Fair point, wasn’t considering it from this angle.
6 months is plenty of time to keep ignoring serious tech debt. I don't think your conclusion follows at all from such a short time.
Yeah, bizarre and sad. And, unsurprisingly, Hacker News seems sympathetic. They are getting very old.
I have an idea on how to tell if a codebase is rotting under AI Agent maintenance. We can collect and analyze how the coding agent reads code during programming tasks, and see if the code access and token consumption are steadily increasing for similar development tasks. If the code readability doesn't degrade for the agent, the maintainability of the codebase should be fine.

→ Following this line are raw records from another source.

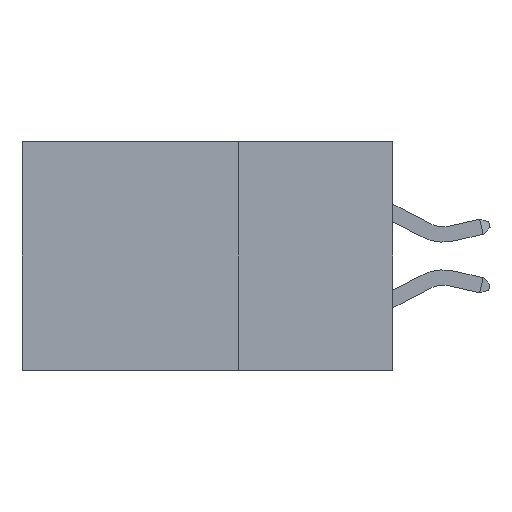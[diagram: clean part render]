
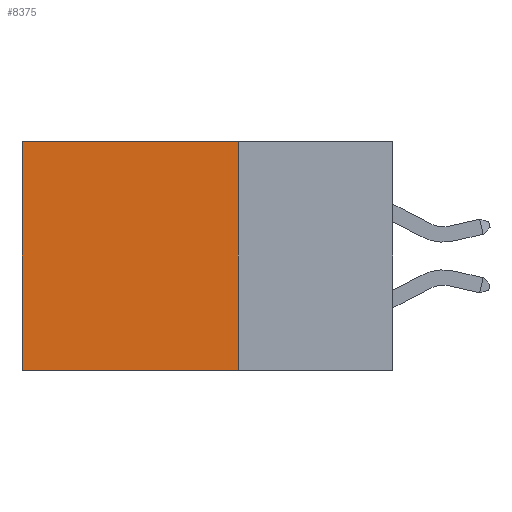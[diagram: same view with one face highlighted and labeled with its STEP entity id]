
A CAD part, left-side view. The second image highlights one B-rep face of the part: STEP entity #8375.
In plain terms, the highlighted planar face has unit normal (-1, 0, 0).
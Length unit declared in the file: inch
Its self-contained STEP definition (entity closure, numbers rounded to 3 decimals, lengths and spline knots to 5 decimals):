
#151 = DIRECTION ( 'NONE',  ( 0., 0., -1. ) ) ;
#963 = EDGE_CURVE ( 'NONE', #16695, #19891, #12320, .T. ) ;
#1213 = FACE_OUTER_BOUND ( 'NONE', #1819, .T. ) ;
#1470 = LINE ( 'NONE', #18425, #3880 ) ;
#1819 = EDGE_LOOP ( 'NONE', ( #19928, #27747, #28897, #27235 ) ) ;
#3112 = VECTOR ( 'NONE', #6837, 39.37008 ) ;
#3880 = VECTOR ( 'NONE', #27539, 39.37008 ) ;
#6172 = VECTOR ( 'NONE', #28894, 39.37008 ) ;
#6313 = EDGE_CURVE ( 'NONE', #21671, #19891, #19022, .T. ) ;
#6837 = DIRECTION ( 'NONE',  ( 0., 1., 0. ) ) ;
#6988 = CARTESIAN_POINT ( 'NONE',  ( 0.2875, 0.25, -0.37 ) ) ;
#8150 = AXIS2_PLACEMENT_3D ( 'NONE', #18178, #11099, #10643 ) ;
#8375 = ADVANCED_FACE ( 'NONE', ( #1213 ), #25239, .F. ) ;
#10643 = DIRECTION ( 'NONE',  ( 0., 0., -1. ) ) ;
#10937 = CARTESIAN_POINT ( 'NONE',  ( 0.2875, 0.6, -0.37 ) ) ;
#11099 = DIRECTION ( 'NONE',  ( 1., 0., 0. ) ) ;
#12320 = LINE ( 'NONE', #19575, #3112 ) ;
#13841 = EDGE_CURVE ( 'NONE', #19444, #21671, #1470, .T. ) ;
#16331 = CARTESIAN_POINT ( 'NONE',  ( 0.2875, 0.25, 0. ) ) ;
#16695 = VERTEX_POINT ( 'NONE', #6988 ) ;
#18178 = CARTESIAN_POINT ( 'NONE',  ( 0.2875, 0.25, 0. ) ) ;
#18425 = CARTESIAN_POINT ( 'NONE',  ( 0.2875, 0.25, 0. ) ) ;
#18788 = VECTOR ( 'NONE', #151, 39.37008 ) ;
#19022 = LINE ( 'NONE', #21838, #6172 ) ;
#19444 = VERTEX_POINT ( 'NONE', #23219 ) ;
#19575 = CARTESIAN_POINT ( 'NONE',  ( 0.2875, 0.25, -0.37 ) ) ;
#19687 = CARTESIAN_POINT ( 'NONE',  ( 0.2875, 0.6, 0. ) ) ;
#19891 = VERTEX_POINT ( 'NONE', #10937 ) ;
#19928 = ORIENTED_EDGE ( 'NONE', *, *, #6313, .T. ) ;
#21200 = LINE ( 'NONE', #16331, #18788 ) ;
#21671 = VERTEX_POINT ( 'NONE', #19687 ) ;
#21838 = CARTESIAN_POINT ( 'NONE',  ( 0.2875, 0.6, 0. ) ) ;
#23219 = CARTESIAN_POINT ( 'NONE',  ( 0.2875, 0.25, 0. ) ) ;
#25239 = PLANE ( 'NONE',  #8150 ) ;
#27235 = ORIENTED_EDGE ( 'NONE', *, *, #13841, .T. ) ;
#27539 = DIRECTION ( 'NONE',  ( 0., 1., 0. ) ) ;
#27542 = EDGE_CURVE ( 'NONE', #19444, #16695, #21200, .T. ) ;
#27747 = ORIENTED_EDGE ( 'NONE', *, *, #963, .F. ) ;
#28894 = DIRECTION ( 'NONE',  ( 0., 0., -1. ) ) ;
#28897 = ORIENTED_EDGE ( 'NONE', *, *, #27542, .F. ) ;

Mist of human written codebases are unusable for llm dev by that definition.
Turns out that if they're unusable by LLMs they're likely unusable by human devs. If you follow sane clean coding principles (like not having godclasses) it turns out coding agents (and humans!) can understand and navigate your codebase, especially if you use recognizable patterns, even with very light documentation.
One of these days you’ll learn about “enterprise” code
I have seen good enterprise code and bad enterprise code. Clean Code suggests progressive rewriting of bad code.

When you touch a file you have an opportunity for code clean up, add unit tests to ensure your changes break nothing, and refine the code.

Agree, agentic coding seem to have shifted the trade-off about over-engineering, I found clean architecture is a good practice for coding agent, so every task have a clean and limited context, only a few directly connected classes or interfaces is relevent to any local modification.
We judge long-term quality of human codebases (at least OS) by ongoing activity; for LLM codebases maybe a consistent or increasing level of activity is a bad smell?